In November 2012 the MIA signed a deal with the government of Laos, under which Mongolia will carry out agricultural activities on 10,000 ha of rented land in the South-east Asian country. The deal, which has been in development since at least 2010, is the latest in a long line of projects carried out on a joint basis by the two countries. Mongolia will likely use the majority of the land to produce rice, which accounts for a large percentage of food imports into the nation on an annual basis. Some percentage of the land might also be used to grow redwood trees for wood production. In addition to the agriculture deal, in late 2012 Mongolia and Laos agreed to cooperate on a number of other projects, primarily in the areas of industrial production and trade.

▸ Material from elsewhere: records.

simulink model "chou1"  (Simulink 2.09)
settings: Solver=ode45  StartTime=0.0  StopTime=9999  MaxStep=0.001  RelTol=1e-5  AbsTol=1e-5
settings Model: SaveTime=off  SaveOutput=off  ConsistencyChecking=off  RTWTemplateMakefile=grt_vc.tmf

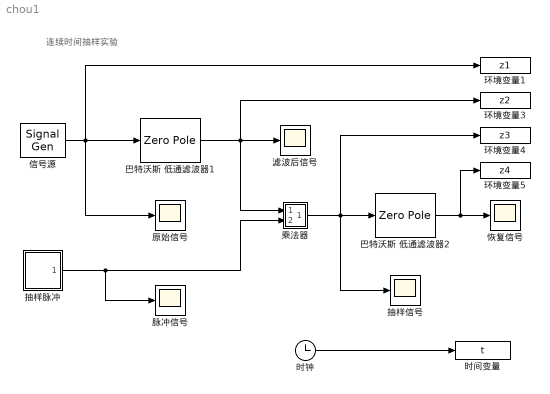
== system chou1 ==
  note: 连续时间抽样实验
  巴特沃斯 低通滤波器1 : ZeroPole  Zeros=z  Poles=p  Gain=k  mask(buttap){@1=60, @2=4}
      mask prompts: @1 "Cutoff frequency (rad/sec)"; @2 "Order"
      mask help:
      | Analog Butterworth low pass filter.
      |
      | (Requires Signal Processing Toolbox)
      mask init:
      | [z,p,k]=buttap(@2); z=@1*z; p=@1*p; k=real(prod(-p)); [num,den]=zp2tf(z,p,k); w=logspace(log10(@1/10),log10(10*@1),20); h=freqs(num,den,w);
      mask Help: Butterworth low pass filter using MATLAB's butter command.
      mask Display: plot(20*log10(w),20*log10(abs(h)))
  巴特沃斯 低通滤波器2 : ZeroPole  Zeros=z  Poles=p  Gain=k  mask(buttap){@1=60, @2=4}
      mask prompts: @1 "Cutoff frequency (rad/sec)"; @2 "Order"
      mask help:
      | Analog Butterworth low pass filter.
      |
      | (Requires Signal Processing Toolbox)
      mask init:
      | [z,p,k]=buttap(@2); z=@1*z; p=@1*p; k=real(prod(-p)); [num,den]=zp2tf(z,p,k); w=logspace(log10(@1/10),log10(10*@1),20); h=freqs(num,den,w);
      mask Help: Butterworth low pass filter using MATLAB's butter command.
      mask Display: plot(20*log10(w),20*log10(abs(h)))
  乘法器 : Subsystem
      mask Type: Dot Product
      mask Description:
      | Inner (dot) product.
      | y=sum(u1.*u2)
      mask Help: Computes the inner (dot) product of the inputs: sum(u1.*u2).  The inputs are vectors of the same length. Output is a scalar.
      mask Display: disp('X')
  抽样脉冲 : Subsystem  mask(Pulse Generator){@1=pi/100, @2=0.001, @3=1, @4=0.5}
      mask prompts: @1 "Pulse period (secs):"; @2 "Pulse width:"; @3 "Pulse height:"; @4 "Pulse start time:"
      mask help: Pulse Generator.
      mask init:
      | Ts=@1; du=@2; ht=@3; stt=@4; ini=ones(length(ht),1); st1=rem(stt,Ts); st2=rem(stt+du,Ts);if(Ts<=1.2*du),ini=zeros(length(ht),1);end;
      mask Help: Pulse generator which ensures pulse\ntransitions are hit. Provides a vector of pulses when the height is entered as a vector.\nUnmask to see how it works.
      mask Display: plot(0,0,100,100,[90,75,75,60,60,35,35,20,20,10],[20,20,80,80,20,20,80,80,20,20])
  抽样信号 : Scope
      settings: TickLabels=on  TimeRange=5  YMin=-2.6048  YMax=2.6048  SaveToWorkspace=off  SaveName=ScopeData
  环境变量1 : ToWorkspace  VariableName=z1  SampleTime=0
      settings: Buffer=1024*2
  环境变量3 : ToWorkspace  VariableName=z2  SampleTime=0
      settings: Buffer=1024*2
  环境变量4 : ToWorkspace  VariableName=z3  SampleTime=0
      settings: Buffer=1024*2
  环境变量5 : ToWorkspace  VariableName=z4  SampleTime=0
      settings: Buffer=1024*2
  恢复信号 : Scope
      settings: TickLabels=on  TimeRange=5  YMin=-0.108928  YMax=0.108928  SaveToWorkspace=off  SaveName=ScopeData
  滤波后信号 : Scope
      settings: TickLabels=on  TimeRange=5  YMin=-2.58112  YMax=2.58112  SaveToWorkspace=off  SaveName=ScopeData
  脉冲信号 : Scope
      settings: TickLabels=on  TimeRange=1  YMin=-1.55104  YMax=1.55104  SaveToWorkspace=off  SaveName=ScopeData
  时间变量 : ToWorkspace  VariableName=t  SampleTime=0
      settings: Buffer=2048
  时钟 : Clock
  信号源 : SignalGenerator  WaveForm=sine  Amplitude=2.000000  Frequency=3.140000  Units=rad/sec
  原始信号 : Scope
      settings: TickLabels=on  TimeRange=5  YMin=-4  YMax=4  SaveToWorkspace=off  SaveName=ScopeData
  wires:
  时钟/1 -> 时间变量/1
  巴特沃斯 低通滤波器2/1 -> 环境变量5/1, 恢复信号/1
  抽样脉冲/1(out_1) -> 脉冲信号/1, 乘法器/2(in_2)
  乘法器/1(out_1) -> 环境变量4/1, 抽样信号/1, 巴特沃斯 低通滤波器2/1
  巴特沃斯 低通滤波器1/1 -> 环境变量3/1, 滤波后信号/1, 乘法器/1(in_1)
  信号源/1 -> 环境变量1/1, 原始信号/1, 巴特沃斯 低通滤波器1/1

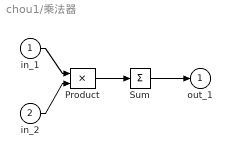
== system chou1/乘法器 ==
  in_1 : Inport  Port=1  PortWidth=-1  SampleTime=-1
  in_2 : Inport  Port=2  PortWidth=-1  SampleTime=-1
  Product : Product  Inputs=2
  Sum : Sum  Inputs=+
  out_1 : Outport  Port=1  InitialOutput=0
  wires:
  Sum/1 -> out_1/1
  Product/1 -> Sum/1
  in_1/1 -> Product/1
  in_2/1 -> Product/2

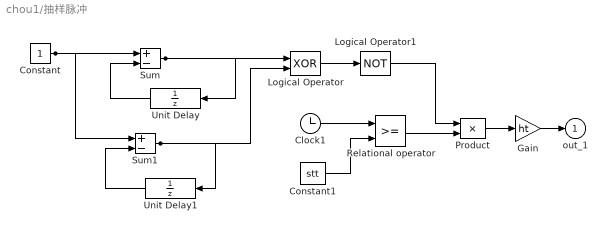
== system chou1/抽样脉冲 ==
  Clock1 : Clock
  Constant : Constant  Value=1
  Constant1 : Constant  Value=stt
  Gain : Gain  Gain=ht
  Logical Operator : Logic  Operator=XOR  Inputs=2
  Logical Operator1 : Logic  Operator=NOT  Inputs=1
  Product : Product  Inputs=2
  Relational operator : RelationalOperator  Operator=>=
  Sum : Sum  Inputs=+-
  Sum1 : Sum  Inputs=+-
  Unit Delay : UnitDelay  Orientation=left  X0=0  SampleTime=[Ts,st1]
  Unit Delay1 : UnitDelay  Orientation=left  X0=ini  SampleTime=[Ts,st2]
  out_1 : Outport  Port=1  InitialOutput=0
  wires:
  Sum1/1 -> Logical Operator/2, Unit Delay1/1
  Sum/1 -> Logical Operator/1, Unit Delay/1
  Constant/1 -> Sum1/1, Sum/1
  Unit Delay1/1 -> Sum1/2
  Unit Delay/1 -> Sum/2
  Clock1/1 -> Relational operator/1
  Relational operator/1 -> Product/2
  Product/1 -> Gain/1
  Gain/1 -> out_1/1
  Constant1/1 -> Relational operator/2
  Logical Operator/1 -> Logical Operator1/1
  Logical Operator1/1 -> Product/1

Several international groups are involved in boosting food self-sufficiency in Mongolia. The Global Agriculture and Food Security Programme, established by the G-20 group of countries in 2009, is currently in the midst of implementing a programme in Mongolia that aims to improve the links between farmers and the market, boost the quality of Mongolian livestock and provide general technical assistance to the domestic industry. In mid-July 2013 the EU’s commissioner for agriculture and rural development visited the country to discuss potential future EU-Mongolia cooperation in these areas. “A wide variety of international organisations are involved in the agriculture sector here,” Tuvshinsanaa told OBG.